Yes, claims for damages exist and are adjudicated by the civil courts. Under Swiss law, the quantum of damages generally equals the difference between the actual financial situation of the party aggrieved by the abusive conduct and the hypothetical situation in which that party would have been without the abusive conduct. Because it is often not possible to prove the quantum of damages in exact figures, courts in principle have the ability to estimate damages based on plausible assumptions (Commercial Court of the Canton of Aargau, LPC 2003/2 – Allgemeines Bestattungsinstitut, p. 451).
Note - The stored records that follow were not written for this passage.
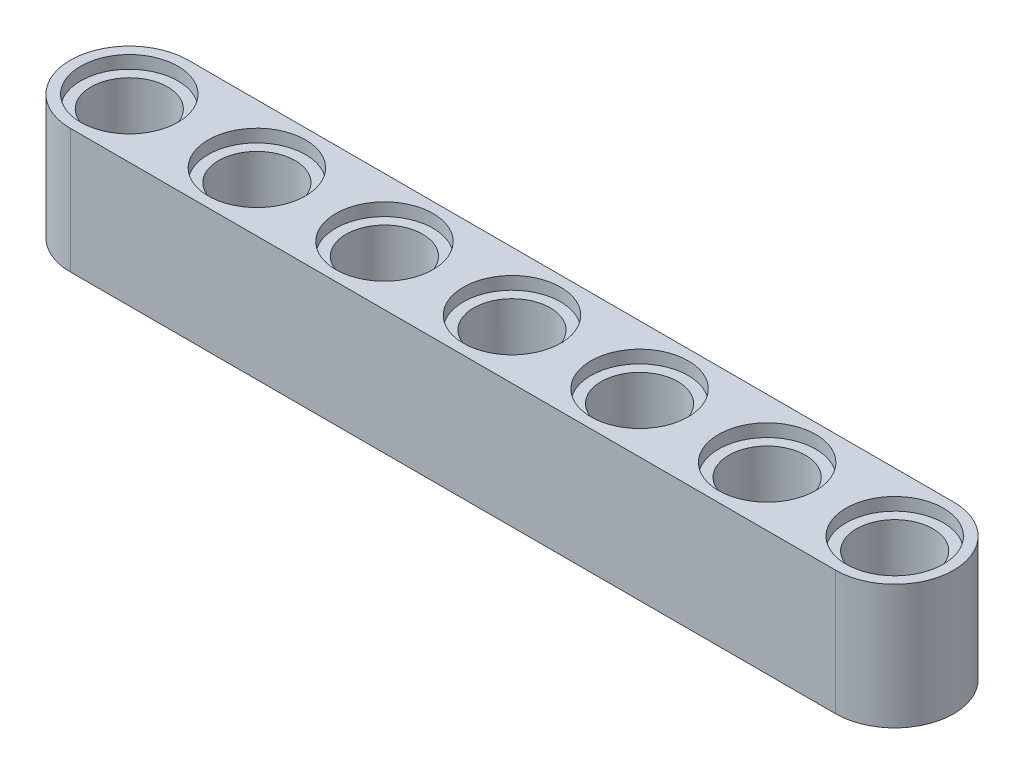
ISO-10303-21;
HEADER;
FILE_DESCRIPTION(('STEP AP214'),'2;1');
FILE_NAME('part.step','',(''),(''),'','','');
FILE_SCHEMA(('AUTOMOTIVE_DESIGN { 1 0 10303 214 1 1 1 1 }'));
ENDSEC;
DATA;
#1=APPLICATION_CONTEXT('core data for automotive mechanical design processes');
#2=APPLICATION_PROTOCOL_DEFINITION('international standard','automotive_design',2000,#1);
#3=PRODUCT_CONTEXT('',#1,'mechanical');
#4=PRODUCT('Part','Part','',(#3));
#5=PRODUCT_RELATED_PRODUCT_CATEGORY('part','',(#4));
#6=PRODUCT_DEFINITION_FORMATION('','',#4);
#7=PRODUCT_DEFINITION_CONTEXT('part definition',#1,'design');
#8=PRODUCT_DEFINITION('design','',#6,#7);
#9=PRODUCT_DEFINITION_SHAPE('','',#8);
#10=(LENGTH_UNIT() NAMED_UNIT(*) SI_UNIT(.MILLI.,.METRE.));
#11=(NAMED_UNIT(*) PLANE_ANGLE_UNIT() SI_UNIT($,.RADIAN.));
#12=(NAMED_UNIT(*) SI_UNIT($,.STERADIAN.) SOLID_ANGLE_UNIT());
#13=UNCERTAINTY_MEASURE_WITH_UNIT(LENGTH_MEASURE(1.E-05),#10,'distance_accuracy_value','');
#14=(GEOMETRIC_REPRESENTATION_CONTEXT(3) GLOBAL_UNCERTAINTY_ASSIGNED_CONTEXT((#13)) GLOBAL_UNIT_ASSIGNED_CONTEXT((#10,
#11,#12)) REPRESENTATION_CONTEXT('',''));
#15=CARTESIAN_POINT('',(0.,0.,0.));
#16=DIRECTION('',(0.,0.,1.));
#17=DIRECTION('',(1.,0.,0.));
#18=AXIS2_PLACEMENT_3D('',#15,#16,#17);
#19=CARTESIAN_POINT('',(0.,0.,0.));
#20=DIRECTION('',(0.,1.,0.));
#21=DIRECTION('',(0.,0.,1.));
#22=AXIS2_PLACEMENT_3D('',#19,#20,#21);
#23=CYLINDRICAL_SURFACE('',#22,2.4);
#24=CARTESIAN_POINT('',(0.,7.,0.));
#25=DIRECTION('',(0.,1.,0.));
#26=DIRECTION('',(0.,0.,1.));
#27=AXIS2_PLACEMENT_3D('',#24,#25,#26);
#28=CIRCLE('',#27,2.4);
#29=CARTESIAN_POINT('',(0.,7.,2.4));
#30=VERTEX_POINT('',#29);
#31=EDGE_CURVE('E109',#30,#30,#28,.F.);
#32=ORIENTED_EDGE('',*,*,#31,.F.);
#33=EDGE_LOOP('',(#32));
#34=FACE_BOUND('',#33,.T.);
#35=CARTESIAN_POINT('',(0.,0.8,0.));
#36=DIRECTION('',(0.,-1.,0.));
#37=DIRECTION('',(0.,0.,-1.));
#38=AXIS2_PLACEMENT_3D('',#35,#36,#37);
#39=CIRCLE('',#38,2.4);
#40=CARTESIAN_POINT('',(0.,0.8,-2.4));
#41=VERTEX_POINT('',#40);
#42=EDGE_CURVE('E40',#41,#41,#39,.F.);
#43=ORIENTED_EDGE('',*,*,#42,.F.);
#44=EDGE_LOOP('',(#43));
#45=FACE_BOUND('',#44,.T.);
#46=ADVANCED_FACE('F36',(#34,#45),#23,.F.);
#47=CARTESIAN_POINT('',(8.,0.,0.));
#48=DIRECTION('',(0.,1.,0.));
#49=DIRECTION('',(0.,0.,1.));
#50=AXIS2_PLACEMENT_3D('',#47,#48,#49);
#51=CYLINDRICAL_SURFACE('',#50,2.4);
#52=CARTESIAN_POINT('',(8.,7.,0.));
#53=DIRECTION('',(0.,1.,0.));
#54=DIRECTION('',(0.,0.,1.));
#55=AXIS2_PLACEMENT_3D('',#52,#53,#54);
#56=CIRCLE('',#55,2.4);
#57=CARTESIAN_POINT('',(8.,7.,2.4));
#58=VERTEX_POINT('',#57);
#59=EDGE_CURVE('E125',#58,#58,#56,.F.);
#60=ORIENTED_EDGE('',*,*,#59,.F.);
#61=EDGE_LOOP('',(#60));
#62=FACE_BOUND('',#61,.T.);
#63=CARTESIAN_POINT('',(8.,0.8,0.));
#64=DIRECTION('',(0.,-1.,0.));
#65=DIRECTION('',(0.,0.,-1.));
#66=AXIS2_PLACEMENT_3D('',#63,#64,#65);
#67=CIRCLE('',#66,2.4);
#68=CARTESIAN_POINT('',(8.,0.8,-2.4));
#69=VERTEX_POINT('',#68);
#70=EDGE_CURVE('E151',#69,#69,#67,.F.);
#71=ORIENTED_EDGE('',*,*,#70,.F.);
#72=EDGE_LOOP('',(#71));
#73=FACE_BOUND('',#72,.T.);
#74=ADVANCED_FACE('F241',(#62,#73),#51,.F.);
#75=CARTESIAN_POINT('',(-16.,0.,0.));
#76=DIRECTION('',(0.,1.,0.));
#77=DIRECTION('',(0.,0.,1.));
#78=AXIS2_PLACEMENT_3D('',#75,#76,#77);
#79=CYLINDRICAL_SURFACE('',#78,2.4);
#80=CARTESIAN_POINT('',(-16.,7.,0.));
#81=DIRECTION('',(0.,1.,0.));
#82=DIRECTION('',(0.,0.,1.));
#83=AXIS2_PLACEMENT_3D('',#80,#81,#82);
#84=CIRCLE('',#83,2.4);
#85=CARTESIAN_POINT('',(-16.,7.,2.4));
#86=VERTEX_POINT('',#85);
#87=EDGE_CURVE('E118',#86,#86,#84,.F.);
#88=ORIENTED_EDGE('',*,*,#87,.F.);
#89=EDGE_LOOP('',(#88));
#90=FACE_BOUND('',#89,.T.);
#91=CARTESIAN_POINT('',(-16.,0.8,0.));
#92=DIRECTION('',(0.,-1.,0.));
#93=DIRECTION('',(0.,0.,-1.));
#94=AXIS2_PLACEMENT_3D('',#91,#92,#93);
#95=CIRCLE('',#94,2.4);
#96=CARTESIAN_POINT('',(-16.,0.8,-2.4));
#97=VERTEX_POINT('',#96);
#98=EDGE_CURVE('E149',#97,#97,#95,.F.);
#99=ORIENTED_EDGE('',*,*,#98,.F.);
#100=EDGE_LOOP('',(#99));
#101=FACE_BOUND('',#100,.T.);
#102=ADVANCED_FACE('F247',(#90,#101),#79,.F.);
#103=CARTESIAN_POINT('',(24.,0.,0.));
#104=DIRECTION('',(0.,1.,0.));
#105=DIRECTION('',(0.,0.,1.));
#106=AXIS2_PLACEMENT_3D('',#103,#104,#105);
#107=CYLINDRICAL_SURFACE('',#106,2.4);
#108=CARTESIAN_POINT('',(24.,7.,0.));
#109=DIRECTION('',(0.,1.,0.));
#110=DIRECTION('',(0.,0.,1.));
#111=AXIS2_PLACEMENT_3D('',#108,#109,#110);
#112=CIRCLE('',#111,2.4);
#113=CARTESIAN_POINT('',(24.,7.,2.4));
#114=VERTEX_POINT('',#113);
#115=EDGE_CURVE('E115',#114,#114,#112,.F.);
#116=ORIENTED_EDGE('',*,*,#115,.F.);
#117=EDGE_LOOP('',(#116));
#118=FACE_BOUND('',#117,.T.);
#119=CARTESIAN_POINT('',(24.,0.8,0.));
#120=DIRECTION('',(0.,-1.,0.));
#121=DIRECTION('',(0.,0.,-1.));
#122=AXIS2_PLACEMENT_3D('',#119,#120,#121);
#123=CIRCLE('',#122,2.4);
#124=CARTESIAN_POINT('',(24.,0.8,-2.4));
#125=VERTEX_POINT('',#124);
#126=EDGE_CURVE('E146',#125,#125,#123,.F.);
#127=ORIENTED_EDGE('',*,*,#126,.F.);
#128=EDGE_LOOP('',(#127));
#129=FACE_BOUND('',#128,.T.);
#130=ADVANCED_FACE('F421',(#118,#129),#107,.F.);
#131=CARTESIAN_POINT('',(-16.,7.8,-3.7));
#132=DIRECTION('',(0.,0.,-1.));
#133=DIRECTION('',(-1.,0.,0.));
#134=AXIS2_PLACEMENT_3D('',#131,#132,#133);
#135=PLANE('',#134);
#136=DIRECTION('',(1.,0.,0.));
#137=VECTOR('',#136,1.);
#138=CARTESIAN_POINT('',(-16.,0.,-3.7));
#139=LINE('',#138,#137);
#140=CARTESIAN_POINT('',(-16.,0.,-3.7));
#141=VERTEX_POINT('',#140);
#142=CARTESIAN_POINT('',(32.,0.,-3.7));
#143=VERTEX_POINT('',#142);
#144=EDGE_CURVE('E105',#141,#143,#139,.T.);
#145=ORIENTED_EDGE('',*,*,#144,.F.);
#146=DIRECTION('',(0.,-1.,0.));
#147=VECTOR('',#146,1.);
#148=CARTESIAN_POINT('',(-16.,7.8,-3.7));
#149=LINE('',#148,#147);
#150=CARTESIAN_POINT('',(-16.,7.8,-3.7));
#151=VERTEX_POINT('',#150);
#152=EDGE_CURVE('E11',#151,#141,#149,.T.);
#153=ORIENTED_EDGE('',*,*,#152,.F.);
#154=DIRECTION('',(1.,0.,0.));
#155=VECTOR('',#154,1.);
#156=CARTESIAN_POINT('',(-16.,7.8,-3.7));
#157=LINE('',#156,#155);
#158=CARTESIAN_POINT('',(32.,7.8,-3.7));
#159=VERTEX_POINT('',#158);
#160=EDGE_CURVE('E99',#151,#159,#157,.T.);
#161=ORIENTED_EDGE('',*,*,#160,.T.);
#162=DIRECTION('',(0.,-1.,0.));
#163=VECTOR('',#162,1.);
#164=CARTESIAN_POINT('',(32.,7.8,-3.7));
#165=LINE('',#164,#163);
#166=EDGE_CURVE('E78',#159,#143,#165,.T.);
#167=ORIENTED_EDGE('',*,*,#166,.T.);
#168=EDGE_LOOP('',(#145,#153,#161,#167));
#169=FACE_BOUND('',#168,.T.);
#170=ADVANCED_FACE('F38',(#169),#135,.T.);
#171=CARTESIAN_POINT('',(-16.,7.8,0.));
#172=DIRECTION('',(0.,-1.,0.));
#173=DIRECTION('',(0.,0.,-1.));
#174=AXIS2_PLACEMENT_3D('',#171,#172,#173);
#175=CYLINDRICAL_SURFACE('',#174,3.7);
#176=CARTESIAN_POINT('',(-16.,0.,0.));
#177=DIRECTION('',(0.,1.,0.));
#178=DIRECTION('',(0.,0.,1.));
#179=AXIS2_PLACEMENT_3D('',#176,#177,#178);
#180=CIRCLE('',#179,3.7);
#181=CARTESIAN_POINT('',(-16.,0.,3.7));
#182=VERTEX_POINT('',#181);
#183=EDGE_CURVE('E70',#141,#182,#180,.T.);
#184=ORIENTED_EDGE('',*,*,#183,.T.);
#185=DIRECTION('',(0.,-1.,0.));
#186=VECTOR('',#185,1.);
#187=CARTESIAN_POINT('',(-16.,7.8,3.7));
#188=LINE('',#187,#186);
#189=CARTESIAN_POINT('',(-16.,7.8,3.7));
#190=VERTEX_POINT('',#189);
#191=EDGE_CURVE('E46',#190,#182,#188,.T.);
#192=ORIENTED_EDGE('',*,*,#191,.F.);
#193=CARTESIAN_POINT('',(-16.,7.8,0.));
#194=DIRECTION('',(0.,1.,0.));
#195=DIRECTION('',(0.,0.,1.));
#196=AXIS2_PLACEMENT_3D('',#193,#194,#195);
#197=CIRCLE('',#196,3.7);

Article 42, paragraph 2 of the Swiss Code of Obligations explicitly states that courts shall estimate the quantum of damages at their discretion, in the light of the normal course of events and the steps taken by the aggrieved party, where the exact quantum of loss or damages cannot be established. However, any information substantiating and facilitating the estimation must be brought forward by the party claiming damages, which in practice creates high hurdles in the burden of proof.

Appeals

To what court may authority decisions finding an abuse be appealed?

Swiss Competition Commission decisions holding undertakings responsible for unlawful abusive conduct and, to a limited extent, also its interim procedural decisions, can be challenged before the Swiss Federal Administrative Court. An appeal can be lodged on the following grounds: wrongful application of the Cartel Act; the facts established by the Commission were incomplete or wrong; or the Commission's decision was unreasonable. Hence, appeals before the Swiss Federal Administrative Court are 'full merits' appeals on both the findings of fact and law.

The judgments of the Swiss Federal Administrative Court may be challenged before the Swiss Federal Supreme Court. In proceedings before the Swiss Federal Supreme Court, judicial review is limited to legal claims; in other words, the flawed application of the Cartel Act or a violation of fundamental rights set forth in the Swiss Federal Constitution, the European Convention of Human Rights or other international treaties. The claim that a decision was unreasonable is fully excluded and claims with regard to the finding of facts are basically limited to cases of arbitrariness.

The judgments of upper cantonal civil courts rendered in civil actions may also be ultimately challenged before the Swiss Federal Supreme Court. However, the same restrictions as for appeals against judgments of the Swiss Federal Administrative Court apply.